(INPUT FOR THIS TASK)
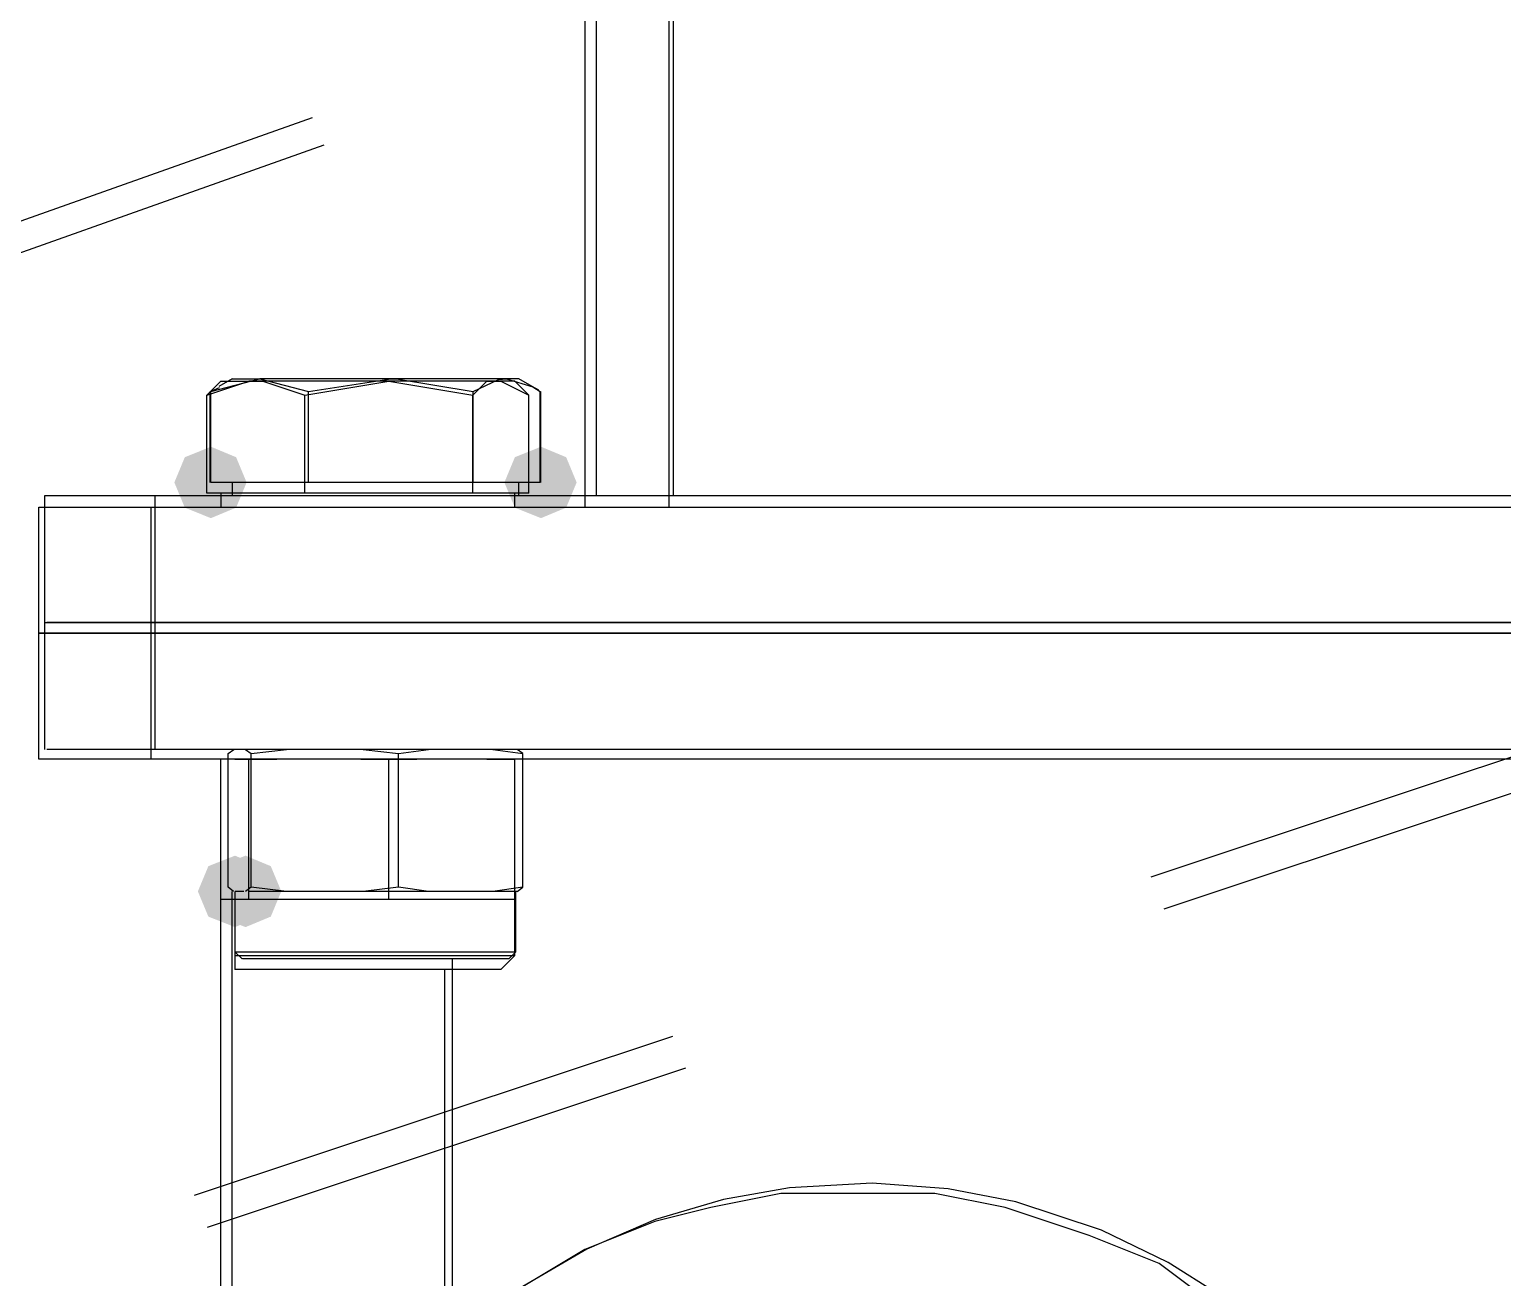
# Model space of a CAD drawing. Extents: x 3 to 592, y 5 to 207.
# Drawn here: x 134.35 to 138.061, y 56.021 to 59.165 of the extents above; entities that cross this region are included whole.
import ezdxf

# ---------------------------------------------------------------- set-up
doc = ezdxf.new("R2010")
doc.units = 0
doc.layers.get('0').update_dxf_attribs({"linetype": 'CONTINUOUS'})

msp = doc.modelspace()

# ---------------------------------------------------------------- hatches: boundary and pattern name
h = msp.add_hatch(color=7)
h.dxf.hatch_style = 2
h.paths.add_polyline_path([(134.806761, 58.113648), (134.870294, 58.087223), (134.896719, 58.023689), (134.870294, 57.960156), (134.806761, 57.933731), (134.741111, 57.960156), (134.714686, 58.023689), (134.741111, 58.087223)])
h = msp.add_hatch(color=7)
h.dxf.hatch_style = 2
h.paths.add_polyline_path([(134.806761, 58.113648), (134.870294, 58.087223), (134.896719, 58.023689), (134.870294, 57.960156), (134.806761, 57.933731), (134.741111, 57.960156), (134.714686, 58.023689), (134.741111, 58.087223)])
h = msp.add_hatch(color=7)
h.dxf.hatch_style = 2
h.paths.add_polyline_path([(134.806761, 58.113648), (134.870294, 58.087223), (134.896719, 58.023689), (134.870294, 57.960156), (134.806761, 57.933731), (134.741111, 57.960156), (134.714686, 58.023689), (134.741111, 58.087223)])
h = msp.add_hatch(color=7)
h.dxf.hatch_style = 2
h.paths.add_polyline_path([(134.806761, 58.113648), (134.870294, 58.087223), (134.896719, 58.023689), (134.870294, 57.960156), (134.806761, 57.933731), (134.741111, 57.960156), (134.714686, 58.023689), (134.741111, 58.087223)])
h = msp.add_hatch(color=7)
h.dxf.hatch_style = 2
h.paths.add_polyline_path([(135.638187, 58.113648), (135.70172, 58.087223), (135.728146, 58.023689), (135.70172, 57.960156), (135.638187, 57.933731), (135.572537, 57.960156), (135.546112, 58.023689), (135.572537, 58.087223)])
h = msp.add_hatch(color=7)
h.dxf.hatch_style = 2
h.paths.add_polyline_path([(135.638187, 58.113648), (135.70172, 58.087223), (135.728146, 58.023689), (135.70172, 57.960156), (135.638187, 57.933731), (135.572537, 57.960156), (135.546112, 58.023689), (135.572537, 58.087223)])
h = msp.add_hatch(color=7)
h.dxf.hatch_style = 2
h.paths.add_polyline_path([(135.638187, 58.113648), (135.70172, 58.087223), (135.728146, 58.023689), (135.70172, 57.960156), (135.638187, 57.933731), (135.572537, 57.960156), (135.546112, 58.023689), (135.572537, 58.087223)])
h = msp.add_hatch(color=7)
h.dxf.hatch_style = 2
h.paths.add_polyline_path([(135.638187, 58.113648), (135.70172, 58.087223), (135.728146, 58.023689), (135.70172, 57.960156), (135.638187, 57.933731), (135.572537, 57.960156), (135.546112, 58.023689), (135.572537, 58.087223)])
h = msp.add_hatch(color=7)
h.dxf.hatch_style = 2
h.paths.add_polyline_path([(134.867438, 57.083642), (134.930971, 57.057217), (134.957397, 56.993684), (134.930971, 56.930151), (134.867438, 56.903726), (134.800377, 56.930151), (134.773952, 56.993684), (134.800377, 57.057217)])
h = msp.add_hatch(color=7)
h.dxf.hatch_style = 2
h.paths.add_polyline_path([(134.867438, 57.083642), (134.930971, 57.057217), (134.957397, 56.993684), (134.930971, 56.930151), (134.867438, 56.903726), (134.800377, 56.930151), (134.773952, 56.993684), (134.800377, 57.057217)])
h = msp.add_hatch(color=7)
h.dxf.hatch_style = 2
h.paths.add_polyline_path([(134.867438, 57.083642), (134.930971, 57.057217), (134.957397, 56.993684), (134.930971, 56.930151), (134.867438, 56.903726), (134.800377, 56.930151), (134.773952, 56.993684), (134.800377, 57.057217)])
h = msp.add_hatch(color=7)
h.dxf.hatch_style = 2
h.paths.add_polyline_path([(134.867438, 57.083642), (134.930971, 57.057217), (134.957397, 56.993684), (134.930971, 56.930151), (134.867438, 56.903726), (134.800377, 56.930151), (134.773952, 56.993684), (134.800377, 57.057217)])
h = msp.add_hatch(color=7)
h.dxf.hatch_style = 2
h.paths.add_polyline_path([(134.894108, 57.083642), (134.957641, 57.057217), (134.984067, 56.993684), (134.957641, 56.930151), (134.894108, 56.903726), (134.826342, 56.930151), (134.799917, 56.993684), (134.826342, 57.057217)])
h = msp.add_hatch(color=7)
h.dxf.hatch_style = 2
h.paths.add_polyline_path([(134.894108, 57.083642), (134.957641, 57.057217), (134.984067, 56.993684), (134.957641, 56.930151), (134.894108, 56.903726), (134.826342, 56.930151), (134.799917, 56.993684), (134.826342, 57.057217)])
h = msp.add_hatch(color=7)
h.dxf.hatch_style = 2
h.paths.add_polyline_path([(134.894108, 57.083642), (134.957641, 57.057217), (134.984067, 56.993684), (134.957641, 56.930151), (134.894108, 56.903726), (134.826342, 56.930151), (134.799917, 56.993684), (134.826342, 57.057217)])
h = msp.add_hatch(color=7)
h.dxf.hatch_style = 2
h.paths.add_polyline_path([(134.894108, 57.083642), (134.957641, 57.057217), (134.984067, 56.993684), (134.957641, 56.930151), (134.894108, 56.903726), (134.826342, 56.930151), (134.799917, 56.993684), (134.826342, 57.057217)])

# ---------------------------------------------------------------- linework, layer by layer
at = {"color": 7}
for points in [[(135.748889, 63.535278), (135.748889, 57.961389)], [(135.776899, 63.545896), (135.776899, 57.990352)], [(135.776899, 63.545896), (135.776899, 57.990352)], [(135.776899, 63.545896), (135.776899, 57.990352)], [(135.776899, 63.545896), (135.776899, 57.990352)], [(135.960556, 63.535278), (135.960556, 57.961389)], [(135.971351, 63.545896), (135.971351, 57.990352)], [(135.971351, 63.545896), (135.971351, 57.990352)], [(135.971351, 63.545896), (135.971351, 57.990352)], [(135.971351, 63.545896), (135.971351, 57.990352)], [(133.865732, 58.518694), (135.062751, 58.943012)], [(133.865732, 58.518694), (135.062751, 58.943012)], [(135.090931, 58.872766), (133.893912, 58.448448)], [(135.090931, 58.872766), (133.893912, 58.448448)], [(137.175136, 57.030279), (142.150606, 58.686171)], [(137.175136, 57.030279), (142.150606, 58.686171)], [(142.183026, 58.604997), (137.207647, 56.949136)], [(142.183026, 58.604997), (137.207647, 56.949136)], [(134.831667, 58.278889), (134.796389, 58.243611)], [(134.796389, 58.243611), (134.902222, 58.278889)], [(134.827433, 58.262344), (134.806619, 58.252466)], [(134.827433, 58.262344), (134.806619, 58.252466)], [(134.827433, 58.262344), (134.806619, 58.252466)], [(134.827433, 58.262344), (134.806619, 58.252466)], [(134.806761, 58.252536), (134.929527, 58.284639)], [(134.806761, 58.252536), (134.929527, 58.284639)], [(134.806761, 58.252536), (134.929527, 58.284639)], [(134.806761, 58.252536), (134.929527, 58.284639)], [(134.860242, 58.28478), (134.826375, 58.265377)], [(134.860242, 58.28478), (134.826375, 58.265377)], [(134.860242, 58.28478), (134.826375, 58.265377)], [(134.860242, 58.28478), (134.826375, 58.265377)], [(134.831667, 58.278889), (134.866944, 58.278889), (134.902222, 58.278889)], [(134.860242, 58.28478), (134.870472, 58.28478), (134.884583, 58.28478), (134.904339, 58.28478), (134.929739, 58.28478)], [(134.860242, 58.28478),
(End INPUT FOR THIS TASK)
TRY IT
The output is to be the material in full and unaltered, with pictures omitted.

EXERCISE RESULT
# Model space of a CAD drawing. Extents: x 3 to 592, y 5 to 207.
# Drawn here: x 134.35 to 138.061, y 56.021 to 59.165 of the extents above; entities that cross this region are included whole.
import ezdxf

# ---------------------------------------------------------------- set-up
doc = ezdxf.new("R2010")
doc.units = 0
doc.layers.get('0').update_dxf_attribs({"linetype": 'CONTINUOUS'})

msp = doc.modelspace()

# ---------------------------------------------------------------- hatches: boundary and pattern name
h = msp.add_hatch(color=7)
h.dxf.hatch_style = 2
h.paths.add_polyline_path([(134.806761, 58.113648), (134.870294, 58.087223), (134.896719, 58.023689), (134.870294, 57.960156), (134.806761, 57.933731), (134.741111, 57.960156), (134.714686, 58.023689), (134.741111, 58.087223)])
h = msp.add_hatch(color=7)
h.dxf.hatch_style = 2
h.paths.add_polyline_path([(134.806761, 58.113648), (134.870294, 58.087223), (134.896719, 58.023689), (134.870294, 57.960156), (134.806761, 57.933731), (134.741111, 57.960156), (134.714686, 58.023689), (134.741111, 58.087223)])
h = msp.add_hatch(color=7)
h.dxf.hatch_style = 2
h.paths.add_polyline_path([(134.806761, 58.113648), (134.870294, 58.087223), (134.896719, 58.023689), (134.870294, 57.960156), (134.806761, 57.933731), (134.741111, 57.960156), (134.714686, 58.023689), (134.741111, 58.087223)])
h = msp.add_hatch(color=7)
h.dxf.hatch_style = 2
h.paths.add_polyline_path([(134.806761, 58.113648), (134.870294, 58.087223), (134.896719, 58.023689), (134.870294, 57.960156), (134.806761, 57.933731), (134.741111, 57.960156), (134.714686, 58.023689), (134.741111, 58.087223)])
h = msp.add_hatch(color=7)
h.dxf.hatch_style = 2
h.paths.add_polyline_path([(135.638187, 58.113648), (135.70172, 58.087223), (135.728146, 58.023689), (135.70172, 57.960156), (135.638187, 57.933731), (135.572537, 57.960156), (135.546112, 58.023689), (135.572537, 58.087223)])
h = msp.add_hatch(color=7)
h.dxf.hatch_style = 2
h.paths.add_polyline_path([(135.638187, 58.113648), (135.70172, 58.087223), (135.728146, 58.023689), (135.70172, 57.960156), (135.638187, 57.933731), (135.572537, 57.960156), (135.546112, 58.023689), (135.572537, 58.087223)])
h = msp.add_hatch(color=7)
h.dxf.hatch_style = 2
h.paths.add_polyline_path([(135.638187, 58.113648), (135.70172, 58.087223), (135.728146, 58.023689), (135.70172, 57.960156), (135.638187, 57.933731), (135.572537, 57.960156), (135.546112, 58.023689), (135.572537, 58.087223)])
h = msp.add_hatch(color=7)
h.dxf.hatch_style = 2
h.paths.add_polyline_path([(135.638187, 58.113648), (135.70172, 58.087223), (135.728146, 58.023689), (135.70172, 57.960156), (135.638187, 57.933731), (135.572537, 57.960156), (135.546112, 58.023689), (135.572537, 58.087223)])
h = msp.add_hatch(color=7)
h.dxf.hatch_style = 2
h.paths.add_polyline_path([(134.867438, 57.083642), (134.930971, 57.057217), (134.957397, 56.993684), (134.930971, 56.930151), (134.867438, 56.903726), (134.800377, 56.930151), (134.773952, 56.993684), (134.800377, 57.057217)])
h = msp.add_hatch(color=7)
h.dxf.hatch_style = 2
h.paths.add_polyline_path([(134.867438, 57.083642), (134.930971, 57.057217), (134.957397, 56.993684), (134.930971, 56.930151), (134.867438, 56.903726), (134.800377, 56.930151), (134.773952, 56.993684), (134.800377, 57.057217)])
h = msp.add_hatch(color=7)
h.dxf.hatch_style = 2
h.paths.add_polyline_path([(134.867438, 57.083642), (134.930971, 57.057217), (134.957397, 56.993684), (134.930971, 56.930151), (134.867438, 56.903726), (134.800377, 56.930151), (134.773952, 56.993684), (134.800377, 57.057217)])
h = msp.add_hatch(color=7)
h.dxf.hatch_style = 2
h.paths.add_polyline_path([(134.867438, 57.083642), (134.930971, 57.057217), (134.957397, 56.993684), (134.930971, 56.930151), (134.867438, 56.903726), (134.800377, 56.930151), (134.773952, 56.993684), (134.800377, 57.057217)])
h = msp.add_hatch(color=7)
h.dxf.hatch_style = 2
h.paths.add_polyline_path([(134.894108, 57.083642), (134.957641, 57.057217), (134.984067, 56.993684), (134.957641, 56.930151), (134.894108, 56.903726), (134.826342, 56.930151), (134.799917, 56.993684), (134.826342, 57.057217)])
h = msp.add_hatch(color=7)
h.dxf.hatch_style = 2
h.paths.add_polyline_path([(134.894108, 57.083642), (134.957641, 57.057217), (134.984067, 56.993684), (134.957641, 56.930151), (134.894108, 56.903726), (134.826342, 56.930151), (134.799917, 56.993684), (134.826342, 57.057217)])
h = msp.add_hatch(color=7)
h.dxf.hatch_style = 2
h.paths.add_polyline_path([(134.894108, 57.083642), (134.957641, 57.057217), (134.984067, 56.993684), (134.957641, 56.930151), (134.894108, 56.903726), (134.826342, 56.930151), (134.799917, 56.993684), (134.826342, 57.057217)])
h = msp.add_hatch(color=7)
h.dxf.hatch_style = 2
h.paths.add_polyline_path([(134.894108, 57.083642), (134.957641, 57.057217), (134.984067, 56.993684), (134.957641, 56.930151), (134.894108, 56.903726), (134.826342, 56.930151), (134.799917, 56.993684), (134.826342, 57.057217)])

# ---------------------------------------------------------------- linework, layer by layer
at = {"color": 7}
for points in [[(135.748889, 63.535278), (135.748889, 57.961389)], [(135.776899, 63.545896), (135.776899, 57.990352)], [(135.776899, 63.545896), (135.776899, 57.990352)], [(135.776899, 63.545896), (135.776899, 57.990352)], [(135.776899, 63.545896), (135.776899, 57.990352)], [(135.960556, 63.535278), (135.960556, 57.961389)], [(135.971351, 63.545896), (135.971351, 57.990352)], [(135.971351, 63.545896), (135.971351, 57.990352)], [(135.971351, 63.545896), (135.971351, 57.990352)], [(135.971351, 63.545896), (135.971351, 57.990352)], [(133.865732, 58.518694), (135.062751, 58.943012)], [(133.865732, 58.518694), (135.062751, 58.943012)], [(135.090931, 58.872766), (133.893912, 58.448448)], [(135.090931, 58.872766), (133.893912, 58.448448)], [(137.175136, 57.030279), (142.150606, 58.686171)], [(137.175136, 57.030279), (142.150606, 58.686171)], [(142.183026, 58.604997), (137.207647, 56.949136)], [(142.183026, 58.604997), (137.207647, 56.949136)], [(134.831667, 58.278889), (134.796389, 58.243611)], [(134.796389, 58.243611), (134.902222, 58.278889)], [(134.827433, 58.262344), (134.806619, 58.252466)], [(134.827433, 58.262344), (134.806619, 58.252466)], [(134.827433, 58.262344), (134.806619, 58.252466)], [(134.827433, 58.262344), (134.806619, 58.252466)], [(134.806761, 58.252536), (134.929527, 58.284639)], [(134.806761, 58.252536), (134.929527, 58.284639)], [(134.806761, 58.252536), (134.929527, 58.284639)], [(134.806761, 58.252536), (134.929527, 58.284639)], [(134.860242, 58.28478), (134.826375, 58.265377)], [(134.860242, 58.28478), (134.826375, 58.265377)], [(134.860242, 58.28478), (134.826375, 58.265377)], [(134.860242, 58.28478), (134.826375, 58.265377)], [(134.831667, 58.278889), (134.866944, 58.278889), (134.902222, 58.278889)], [(134.860242, 58.28478), (134.870472, 58.28478), (134.884583, 58.28478), (134.904339, 58.28478), (134.929739, 58.28478)], [(134.860242, 58.28478),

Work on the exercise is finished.